Pemerintah memerintahkan Badan Pengelola Investasi (BPI) Danantara untuk membentuk Indonesia Financial Center (IFC) sebagai langkah awal pendirian Kawasan Ekonomi Khusus (KEK) sektor keuangan di Bali.
Langkah ini diambil untuk mendorong pengembangan industri keuangan nasional dan menarik minat investor global melalui skema international financial center.
Perintah tersebut disampaikan oleh Menteri Koordinator Bidang Perekonomian Airlangga Hartarto dalam pertemuan di Jakarta pada Rabu, 29 April 2026.
Chief Executive Officer (CEO) Danantara Rosan Roeslani mengungkapkan bahwa pihaknya juga diminta membentuk badan otoritas dan satuan tugas (satgas) yang akan mendukung proses pendirian IFC.
Rosan menegaskan bahwa badan otoritas dan satgas tersebut akan berada langsung di bawah koordinasi Kementerian Koordinator Bidang Perekonomian.
Pemerintah berkomitmen mempercepat pembentukan struktur kelembagaan guna mendukung realisasi KEK keuangan di Bali dalam waktu dekat.
Menurut Rosan, aturan teknis pembentukan satgas masih dalam tahap pembahasan bersama kementerian terkait.
Rencana pembentukan KEK keuangan di Bali dinilai strategis untuk memperkuat posisi Indonesia dalam peta keuangan regional dan global.

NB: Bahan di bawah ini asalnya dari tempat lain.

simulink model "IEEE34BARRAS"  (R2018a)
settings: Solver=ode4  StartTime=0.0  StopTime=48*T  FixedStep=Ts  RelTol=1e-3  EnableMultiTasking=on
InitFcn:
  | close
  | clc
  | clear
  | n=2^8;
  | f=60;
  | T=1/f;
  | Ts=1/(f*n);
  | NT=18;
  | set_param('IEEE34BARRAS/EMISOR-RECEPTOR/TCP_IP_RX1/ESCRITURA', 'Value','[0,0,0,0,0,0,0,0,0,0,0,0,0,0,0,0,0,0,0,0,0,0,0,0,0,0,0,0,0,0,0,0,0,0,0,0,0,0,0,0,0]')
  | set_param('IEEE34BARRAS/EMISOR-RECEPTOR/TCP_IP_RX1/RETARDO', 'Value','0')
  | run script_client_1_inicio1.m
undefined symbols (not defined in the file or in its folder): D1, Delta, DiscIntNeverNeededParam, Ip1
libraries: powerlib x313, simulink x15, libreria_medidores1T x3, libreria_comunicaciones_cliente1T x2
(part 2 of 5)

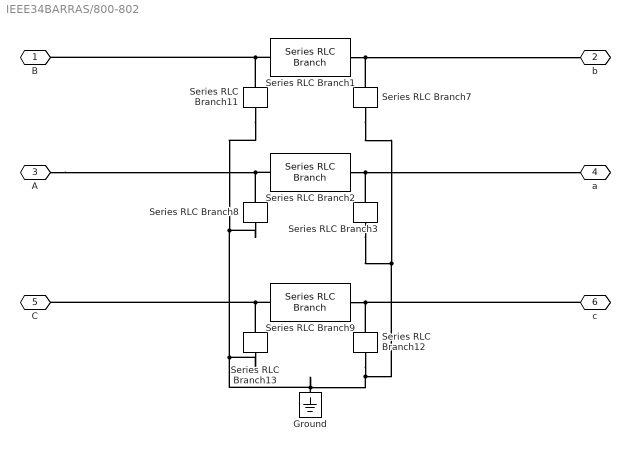
== system IEEE34BARRAS/800-802 ==
  Ground : powerlib/Elements/Ground  LConnTagsString=a
  Series RLC Branch1 : powerlib/Elements/Series RLC Branch  LConnTagsString=__new0  RConnTagsString=__new0  BranchType=RL  Resistance=R(1)*Ft  Inductance=L(1)*Ft  SetiL0=off  InitialCurrent=0  Capacitance=8.4659e-09  Setx0=off  InitialVoltage=0  Measurements=None
  Series RLC Branch11 : powerlib/Elements/Series RLC Branch  LConnTagsString=__new0  RConnTagsString=__new0  BranchType=C  Resistance=0.13252  Inductance=0.0024863  SetiL0=off  InitialCurrent=0  Capacitance=C(1)/2*Ft  Setx0=off  InitialVoltage=0  Measurements=None
  Series RLC Branch12 : powerlib/Elements/Series RLC Branch  LConnTagsString=__new0  RConnTagsString=__new0  BranchType=C  Resistance=0.13252  Inductance=0.0024863  SetiL0=off  InitialCurrent=0  Capacitance=C(3)/2*Ft  Setx0=off  InitialVoltage=0  Measurements=None
  Series RLC Branch13 : powerlib/Elements/Series RLC Branch  LConnTagsString=__new0  RConnTagsString=__new0  BranchType=C  Resistance=0.13252  Inductance=0.0024863  SetiL0=off  InitialCurrent=0  Capacitance=C(3)/2*Ft  Setx0=off  InitialVoltage=0  Measurements=None
  Series RLC Branch2 : powerlib/Elements/Series RLC Branch  LConnTagsString=__new0  RConnTagsString=__new0  BranchType=RL  Resistance=R(2)*Ft  Inductance=L(2)*Ft  SetiL0=off  InitialCurrent=0  Capacitance=8.4659e-09  Setx0=off  InitialVoltage=0  Measurements=None
  Series RLC Branch3 : powerlib/Elements/Series RLC Branch  LConnTagsString=__new0  RConnTagsString=__new0  BranchType=C  Resistance=0.13252  Inductance=0.0024863  SetiL0=off  InitialCurrent=0  Capacitance=C(2)/2*Ft  Setx0=off  InitialVoltage=0  Measurements=None
  Series RLC Branch7 : powerlib/Elements/Series RLC Branch  LConnTagsString=__new0  RConnTagsString=__new0  BranchType=C  Resistance=0.13252  Inductance=0.0024863  SetiL0=off  InitialCurrent=0  Capacitance=C(1)/2*Ft  Setx0=off  InitialVoltage=0  Measurements=None
  Series RLC Branch8 : powerlib/Elements/Series RLC Branch  LConnTagsString=__new0  RConnTagsString=__new0  BranchType=C  Resistance=0.13252  Inductance=0.0024863  SetiL0=off  InitialCurrent=0  Capacitance=C(2)/2*Ft  Setx0=off  InitialVoltage=0  Measurements=None
  Series RLC Branch9 : powerlib/Elements/Series RLC Branch  LConnTagsString=__new0  RConnTagsString=__new0  BranchType=RL  Resistance=R(3)*Ft  Inductance=L(3)*Ft  SetiL0=off  InitialCurrent=0  Capacitance=8.4659e-09  Setx0=off  InitialVoltage=0  Measurements=None
  B : PMIOPort  Side=Left
  b : PMIOPort  Port=2  Side=Right
  A : PMIOPort  Port=3  Side=Left
  a : PMIOPort  Port=4  Side=Right
  C : PMIOPort  Port=5  Side=Left
  c : PMIOPort  Port=6  Side=Right
  connections:
  Series RLC Branch11/LConn1 -- Series RLC Branch1/LConn1 -- B/RConn1
  Series RLC Branch1/RConn1 -- Series RLC Branch7/LConn1 -- b/RConn1
  Ground/LConn1 -- Series RLC Branch8/RConn1 -- Series RLC Branch11/RConn1 -- Series RLC Branch13/RConn1 -- Series RLC Branch7/RConn1 -- Series RLC Branch3/RConn1 -- Series RLC Branch12/RConn1
  Series RLC Branch8/LConn1 -- A/RConn1 -- Series RLC Branch2/LConn1
  Series RLC Branch3/LConn1 -- a/RConn1 -- Series RLC Branch2/RConn1
  Series RLC Branch9/LConn1 -- C/RConn1 -- Series RLC Branch13/LConn1
  Series RLC Branch9/RConn1 -- c/RConn1 -- Series RLC Branch12/LConn1

== system IEEE34BARRAS/802-806 ==
  Ground : powerlib/Elements/Ground  LConnTagsString=a
  Series RLC Branch1 : powerlib/Elements/Series RLC Branch  LConnTagsString=__new0  RConnTagsString=__new0  BranchType=RL  Resistance=R(1)*Ft  Inductance=L(1)*Ft  SetiL0=off  InitialCurrent=0  Capacitance=8.4659e-09  Setx0=off  InitialVoltage=0  Measurements=None
  Series RLC Branch11 : powerlib/Elements/Series RLC Branch  LConnTagsString=__new0  RConnTagsString=__new0  BranchType=C  Resistance=0.13252  Inductance=0.0024863  SetiL0=off  InitialCurrent=0  Capacitance=C(1)/2*Ft  Setx0=off  InitialVoltage=0  Measurements=None
  Series RLC Branch12 : powerlib/Elements/Series RLC Branch  LConnTagsString=__new0  RConnTagsString=__new0  BranchType=C  Resistance=0.13252  Inductance=0.0024863  SetiL0=off  InitialCurrent=0  Capacitance=C(3)/2*Ft  Setx0=off  InitialVoltage=0  Measurements=None
  Series RLC Branch13 : powerlib/Elements/Series RLC Branch  LConnTagsString=__new0  RConnTagsString=__new0  BranchType=C  Resistance=0.13252  Inductance=0.0024863  SetiL0=off  InitialCurrent=0  Capacitance=C(3)/2*Ft  Setx0=off  InitialVoltage=0  Measurements=None
  Series RLC Branch2 : powerlib/Elements/Series RLC Branch  LConnTagsString=__new0  RConnTagsString=__new0  BranchType=RL  Resistance=R(2)*Ft  Inductance=L(2)*Ft  SetiL0=off  InitialCurrent=0  Capacitance=8.4659e-09  Setx0=off  InitialVoltage=0  Measurements=None
  Series RLC Branch3 : powerlib/Elements/Series RLC Branch  LConnTagsString=__new0  RConnTagsString=__new0  BranchType=C  Resistance=0.13252  Inductance=0.0024863  SetiL0=off  InitialCurrent=0  Capacitance=C(2)/2*Ft  Setx0=off  InitialVoltage=0  Measurements=None
  Series RLC Branch7 : powerlib/Elements/Series RLC Branch  LConnTagsString=__new0  RConnTagsString=__new0  BranchType=C  Resistance=0.13252  Inductance=0.0024863  SetiL0=off  InitialCurrent=0  Capacitance=C(1)/2*Ft  Setx0=off  InitialVoltage=0  Measurements=None
  Series RLC Branch8 : powerlib/Elements/Series RLC Branch  LConnTagsString=__new0  RConnTagsString=__new0  BranchType=C  Resistance=0.13252  Inductance=0.0024863  SetiL0=off  InitialCurrent=0  Capacitance=C(2)/2*Ft  Setx0=off  InitialVoltage=0  Measurements=None
  Series RLC Branch9 : powerlib/Elements/Series RLC Branch  LConnTagsString=__new0  RConnTagsString=__new0  BranchType=RL  Resistance=R(3)*Ft  Inductance=L(3)*Ft  SetiL0=off  InitialCurrent=0  Capacitance=8.4659e-09  Setx0=off  InitialVoltage=0  Measurements=None
  B : PMIOPort  Side=Left
  b : PMIOPort  Port=2  Side=Right
  A : PMIOPort  Port=3  Side=Left
  a : PMIOPort  Port=4  Side=Right
  C : PMIOPort  Port=5  Side=Left
  c : PMIOPort  Port=6  Side=Right
  connections:
  c/RConn1 -- Series RLC Branch9/RConn1 -- Series RLC Branch12/LConn1
  C/RConn1 -- Series RLC Branch9/LConn1 -- Series RLC Branch13/LConn1
  a/RConn1 -- Series RLC Branch3/LConn1 -- Series RLC Branch2/RConn1
  A/RConn1 -- Series RLC Branch8/LConn1 -- Series RLC Branch2/LConn1
  Series RLC Branch7/RConn1 -- Series RLC Branch13/RConn1 -- Series RLC Branch11/RConn1 -- Series RLC Branch8/RConn1 -- Ground/LConn1 -- Series RLC Branch12/RConn1 -- Series RLC Branch3/RConn1
  b/RConn1 -- Series RLC Branch1/RConn1 -- Series RLC Branch7/LConn1
  B/RConn1 -- Series RLC Branch1/LConn1 -- Series RLC Branch11/LConn1

== system IEEE34BARRAS/806-808 ==
  Ground : powerlib/Elements/Ground  LConnTagsString=a
  Series RLC Branch1 : powerlib/Elements/Series RLC Branch  LConnTagsString=__new0  RConnTagsString=__new0  BranchType=RL  Resistance=R(1)*Ft  Inductance=L(1)*Ft  SetiL0=off  InitialCurrent=0  Capacitance=8.4659e-09  Setx0=off  InitialVoltage=0  Measurements=None
  Series RLC Branch11 : powerlib/Elements/Series RLC Branch  LConnTagsString=__new0  RConnTagsString=__new0  BranchType=C  Resistance=0.13252  Inductance=0.0024863  SetiL0=off  InitialCurrent=0  Capacitance=C(1)/2*Ft  Setx0=off  InitialVoltage=0  Measurements=None
  Series RLC Branch12 : powerlib/Elements/Series RLC Branch  LConnTagsString=__new0  RConnTagsString=__new0  BranchType=C  Resistance=0.13252  Inductance=0.0024863  SetiL0=off  InitialCurrent=0  Capacitance=C(3)/2*Ft  Setx0=off  InitialVoltage=0  Measurements=None
  Series RLC Branch13 : powerlib/Elements/Series RLC Branch  LConnTagsString=__new0  RConnTagsString=__new0  BranchType=C  Resistance=0.13252  Inductance=0.0024863  SetiL0=off  InitialCurrent=0  Capacitance=C(3)/2*Ft  Setx0=off  InitialVoltage=0  Measurements=None
  Series RLC Branch2 : powerlib/Elements/Series RLC Branch  LConnTagsString=__new0  RConnTagsString=__new0  BranchType=RL  Resistance=R(2)*Ft  Inductance=L(2)*Ft  SetiL0=off  InitialCurrent=0  Capacitance=8.4659e-09  Setx0=off  InitialVoltage=0  Measurements=None
  Series RLC Branch3 : powerlib/Elements/Series RLC Branch  LConnTagsString=__new0  RConnTagsString=__new0  BranchType=C  Resistance=0.13252  Inductance=0.0024863  SetiL0=off  InitialCurrent=0  Capacitance=C(2)/2*Ft  Setx0=off  InitialVoltage=0  Measurements=None
  Series RLC Branch7 : powerlib/Elements/Series RLC Branch  LConnTagsString=__new0  RConnTagsString=__new0  BranchType=C  Resistance=0.13252  Inductance=0.0024863  SetiL0=off  InitialCurrent=0  Capacitance=C(1)/2*Ft  Setx0=off  InitialVoltage=0  Measurements=None
  Series RLC Branch8 : powerlib/Elements/Series RLC Branch  LConnTagsString=__new0  RConnTagsString=__new0  BranchType=C  Resistance=0.13252  Inductance=0.0024863  SetiL0=off  InitialCurrent=0  Capacitance=C(2)/2*Ft  Setx0=off  InitialVoltage=0  Measurements=None
  Series RLC Branch9 : powerlib/Elements/Series RLC Branch  LConnTagsString=__new0  RConnTagsString=__new0  BranchType=RL  Resistance=R(3)*Ft  Inductance=L(3)*Ft  SetiL0=off  InitialCurrent=0  Capacitance=8.4659e-09  Setx0=off  InitialVoltage=0  Measurements=None
  B : PMIOPort  Side=Left
  b : PMIOPort  Port=2  Side=Right
  A : PMIOPort  Port=3  Side=Left
  a : PMIOPort  Port=4  Side=Right
  C : PMIOPort  Port=5  Side=Left
  c : PMIOPort  Port=6  Side=Right
  connections:
  B/RConn1 -- Series RLC Branch11/LConn1 -- Series RLC Branch1/LConn1
  b/RConn1 -- Series RLC Branch7/LConn1 -- Series RLC Branch1/RConn1
  Series RLC Branch8/RConn1 -- Series RLC Branch11/RConn1 -- Series RLC Branch13/RConn1 -- Series RLC Branch3/RConn1 -- Series RLC Branch7/RConn1 -- Series RLC Branch12/RConn1 -- Ground/LConn1
  Series RLC Branch2/LConn1 -- A/RConn1 -- Series RLC Branch8/LConn1
  a/RConn1 -- Series RLC Branch2/RConn1 -- Series RLC Branch3/LConn1
  C/RConn1 -- Series RLC Branch13/LConn1 -- Series RLC Branch9/LConn1
  Series RLC Branch12/LConn1 -- c/RConn1 -- Series RLC Branch9/RConn1

== system IEEE34BARRAS/808-812 ==
  Ground : powerlib/Elements/Ground  LConnTagsString=a
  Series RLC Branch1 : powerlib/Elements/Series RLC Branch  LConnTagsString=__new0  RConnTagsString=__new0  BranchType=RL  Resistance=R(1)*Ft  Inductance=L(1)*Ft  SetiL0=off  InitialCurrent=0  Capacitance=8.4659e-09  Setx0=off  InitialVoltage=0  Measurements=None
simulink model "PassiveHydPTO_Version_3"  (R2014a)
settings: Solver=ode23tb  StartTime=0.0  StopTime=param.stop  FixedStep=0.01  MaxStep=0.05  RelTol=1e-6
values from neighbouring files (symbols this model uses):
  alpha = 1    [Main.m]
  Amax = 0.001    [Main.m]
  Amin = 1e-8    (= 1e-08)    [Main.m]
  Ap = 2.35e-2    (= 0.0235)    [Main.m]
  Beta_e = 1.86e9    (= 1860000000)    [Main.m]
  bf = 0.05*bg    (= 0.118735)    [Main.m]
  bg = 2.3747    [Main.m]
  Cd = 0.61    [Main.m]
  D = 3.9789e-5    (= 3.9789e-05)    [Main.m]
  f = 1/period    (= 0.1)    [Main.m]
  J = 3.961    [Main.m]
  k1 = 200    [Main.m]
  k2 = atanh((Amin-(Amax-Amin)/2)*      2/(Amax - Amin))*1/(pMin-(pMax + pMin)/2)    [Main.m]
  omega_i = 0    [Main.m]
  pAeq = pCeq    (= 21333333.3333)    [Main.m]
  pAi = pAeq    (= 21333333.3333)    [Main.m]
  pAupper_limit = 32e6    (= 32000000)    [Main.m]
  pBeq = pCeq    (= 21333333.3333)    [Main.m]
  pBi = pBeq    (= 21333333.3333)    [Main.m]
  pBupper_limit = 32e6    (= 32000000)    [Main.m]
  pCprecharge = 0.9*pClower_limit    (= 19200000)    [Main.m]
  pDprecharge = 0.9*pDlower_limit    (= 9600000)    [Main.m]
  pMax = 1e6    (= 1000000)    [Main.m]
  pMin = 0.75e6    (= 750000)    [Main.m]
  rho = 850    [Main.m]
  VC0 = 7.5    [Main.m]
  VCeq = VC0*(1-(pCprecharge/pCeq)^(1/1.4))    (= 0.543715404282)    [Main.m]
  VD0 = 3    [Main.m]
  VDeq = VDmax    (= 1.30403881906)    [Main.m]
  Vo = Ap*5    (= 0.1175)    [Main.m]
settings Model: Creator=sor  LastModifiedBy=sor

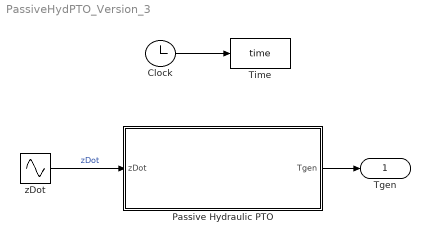
== system PassiveHydPTO_Version_3 ==
  Clock : Clock
  "Passive Hydraulic PTO " : Subsystem
  Time : ToWorkspace  VariableName=time  SampleTime=-1
  zDot : Sin  Amplitude=0.8  Frequency=2*pi*f  SampleTime=0
  Tgen : Outport
  wires:
  Clock/1 -> Time/1
  zDot/1 -> "Passive Hydraulic PTO "/1(zDot)  "zDot"
  "Passive Hydraulic PTO "/1(Tgen) -> Tgen/1

== system PassiveHydPTO_Version_3/Passive Hydraulic PTO  ==
  zDot : Inport
  High Pressure Accumulator : Subsystem
  Low Pressure Accumulator : Subsystem
  Motor Generator : Subsystem
  "Piston Pump " : Subsystem
  Rectified Valve : Subsystem
  Tgen : Outport
  wires:
  "Piston Pump "/1(pA) -> Rectified Valve/1(pA)
  Motor Generator/1(Tgen) -> Tgen/1
  High Pressure Accumulator/1(pC) -> Motor Generator/1(pC), Rectified Valve/3(pC)  "pC"
  Low Pressure Accumulator/1(pD) -> Rectified Valve/4(pD), Motor Generator/2(pD)  "pD"
  "Piston Pump "/2(pB) -> Rectified Valve/2(pB)
  zDot/1 -> "Piston Pump "/1(zDot)
  Rectified Valve/1(Vdot) -> Low Pressure Accumulator/1(Vdot), High Pressure Accumulator/1(Vdot), "Piston Pump "/2(Vdot)
  Motor Generator/2(omega) -> Low Pressure Accumulator/2(omega), High Pressure Accumulator/2(omega)

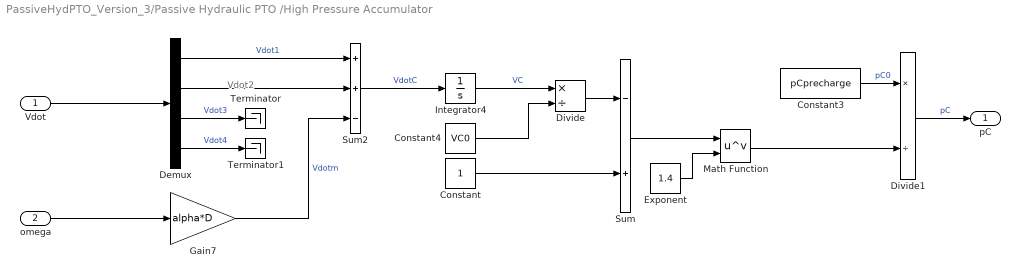
== system PassiveHydPTO_Version_3/Passive Hydraulic PTO /High Pressure Accumulator ==
  note: Vdot2
  Vdot : Inport
  omega : Inport  Port=2
  Constant : Constant
  Constant3 : Constant  Value=pCprecharge
  Constant4 : Constant  Value=VC0
  Demux : Demux
  Divide : Product  Inputs=*/
  Divide1 : Product  Inputs=*/
  Exponent : Constant  Value=1.4
  Gain7 : Gain  Gain=alpha*D
  Integrator4 : Integrator  InitialCondition=VCeq
  Math Function : Math  Operator=pow  SaturateOnIntegerOverflow=on
  Sum : Sum  Inputs=-+
  Sum2 : Sum  Inputs=++-
  Terminator : Terminator
  Terminator1 : Terminator
  pC : Outport
  wires:
  Sum2/1 -> Integrator4/1  "VdotC"
  Integrator4/1 -> Divide/1  "VC"
  Constant4/1 -> Divide/2
  Constant/1 -> Sum/2
  Divide/1 -> Sum/1
  Exponent/1 -> Math Function/2
  Sum/1 -> Math Function/1
  Math Function/1 -> Divide1/2
  Constant3/1 -> Divide1/1  "pC0"
  Divide1/1 -> pC/1  "pC"
  Vdot/1 -> Demux/1
  Demux/3 -> Terminator/1  "Vdot3"
  Demux/4 -> Terminator1/1  "Vdot4"
  omega/1 -> Gain7/1
  Demux/1 -> Sum2/1  "Vdot1"
  Demux/2 -> Sum2/2
  Gain7/1 -> Sum2/3  "Vdotm"

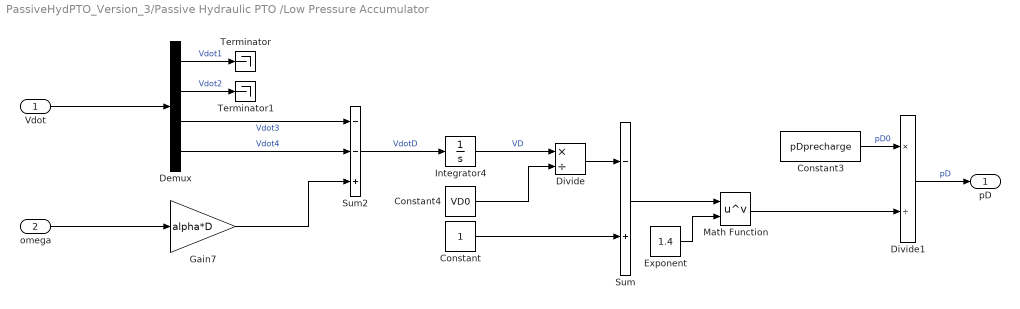
== system PassiveHydPTO_Version_3/Passive Hydraulic PTO /Low Pressure Accumulator ==
  Vdot : Inport
  omega : Inport  Port=2
  Constant : Constant
  Constant3 : Constant  Value=pDprecharge
  Constant4 : Constant  Value=VD0
  Demux : Demux
  Divide : Product  Inputs=*/
  Divide1 : Product  Inputs=*/
  Exponent : Constant  Value=1.4
  Gain7 : Gain  Gain=alpha*D
  Integrator4 : Integrator  InitialCondition=VDeq
  Math Function : Math  Operator=pow  SaturateOnIntegerOverflow=on
  Sum : Sum  Inputs=-+
  Sum2 : Sum  Inputs=--+
  Terminator : Terminator
  Terminator1 : Terminator
  pD : Outport
  wires:
  Sum2/1 -> Integrator4/1  "VdotD"
  Integrator4/1 -> Divide/1  "VD"
  Constant4/1 -> Divide/2
  Constant/1 -> Sum/2
  Divide/1 -> Sum/1
  Exponent/1 -> Math Function/2
  Sum/1 -> Math Function/1
  Math Function/1 -> Divide1/2
  Constant3/1 -> Divide1/1  "pD0"
  Divide1/1 -> pD/1  "pD"
  Vdot/1 -> Demux/1
  Demux/3 -> Sum2/1  "Vdot3"
  Demux/4 -> Sum2/2  "Vdot4"
  omega/1 -> Gain7/1
  Gain7/1 -> Sum2/3
  Demux/1 -> Terminator/1  "Vdot1"
  Demux/2 -> Terminator1/1  "Vdot2"

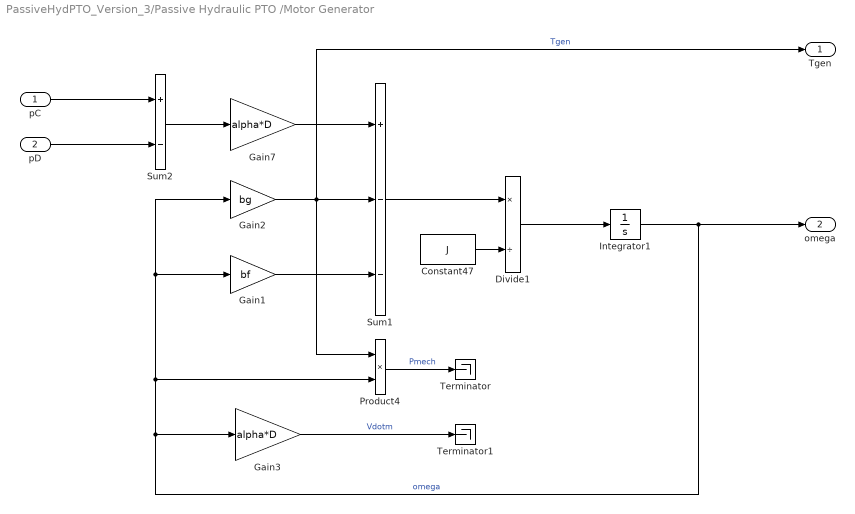
== system PassiveHydPTO_Version_3/Passive Hydraulic PTO /Motor Generator ==
  pC : Inport
  pD : Inport  Port=2
  Constant47 : Constant  Value=J
  Divide1 : Product  Inputs=*/
  Gain1 : Gain  Gain=bf
  Gain2 : Gain  Gain=bg
  Gain3 : Gain  Gain=alpha*D
  Gain7 : Gain  Gain=alpha*D
  Integrator1 : Integrator  InitialCondition=omega_i
  Product4 : Product
  Sum1 : Sum  Inputs=+--
  Sum2 : Sum  Inputs=+-
  Terminator : Terminator
  Terminator1 : Terminator
  Tgen : Outport
  omega : Outport  Port=2
  wires:
  pC/1 -> Sum2/1
  pD/1 -> Sum2/2
  Sum2/1 -> Gain7/1
  Gain7/1 -> Sum1/1
  Gain2/1 -> Product4/1, Tgen/1, Sum1/2  "Tgen"
  Gain1/1 -> Sum1/3
  Sum1/1 -> Divide1/1
  Constant47/1 -> Divide1/2
  Product4/1 -> Terminator/1  "Pmech"
  Divide1/1 -> Integrator1/1
  Integrator1/1 -> Gain3/1, Gain1/1, Gain2/1, Product4/2, omega/1  "omega"
  Gain3/1 -> Terminator1/1  "Vdotm"

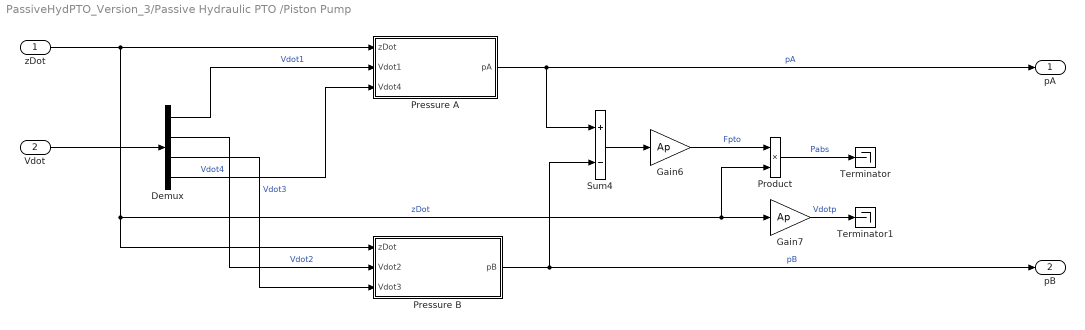
== system PassiveHydPTO_Version_3/Passive Hydraulic PTO /Piston Pump  ==
  zDot : Inport
  Vdot : Inport  Port=2
  Demux : Demux
  Gain6 : Gain  Gain=Ap
  Gain7 : Gain  Gain=Ap
  Pressure A : Subsystem
  Pressure B : Subsystem
  Product : Product
  Sum4 : Sum  Inputs=+-
  Terminator : Terminator
  Terminator1 : Terminator
  pA : Outport
  pB : Outport  Port=2
  wires:
  Pressure A/1(pA) -> pA/1, Sum4/1  "pA"
  Pressure B/1(pB) -> Sum4/2, pB/1  "pB"
  Gain7/1 -> Terminator1/1  "Vdotp"
  Gain6/1 -> Product/1  "Fpto"
  Product/1 -> Terminator/1  "Pabs"
  Vdot/1 -> Demux/1
  zDot/1 -> Gain7/1, Product/2, Pressure B/1(zDot), Pressure A/1(zDot)  "zDot"
  Demux/1 -> Pressure A/2(Vdot1)  "Vdot1"
  Demux/2 -> Pressure B/2(Vdot2)  "Vdot2"
  Demux/3 -> Pressure B/3(Vdot3)  "Vdot3"
  Demux/4 -> Pressure A/3(Vdot4)  "Vdot4"
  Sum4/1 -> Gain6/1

Airlangga Hartarto sebelumnya menyebut pembahasan terus berlangsung serius dengan melibatkan mitra finansial internasional di bawah kerangka international financial center.
Upaya ini diharapkan membuka peluang investasi baru serta memperluas ekosistem jasa keuangan nasional di tahun 2026 dan seterusnya.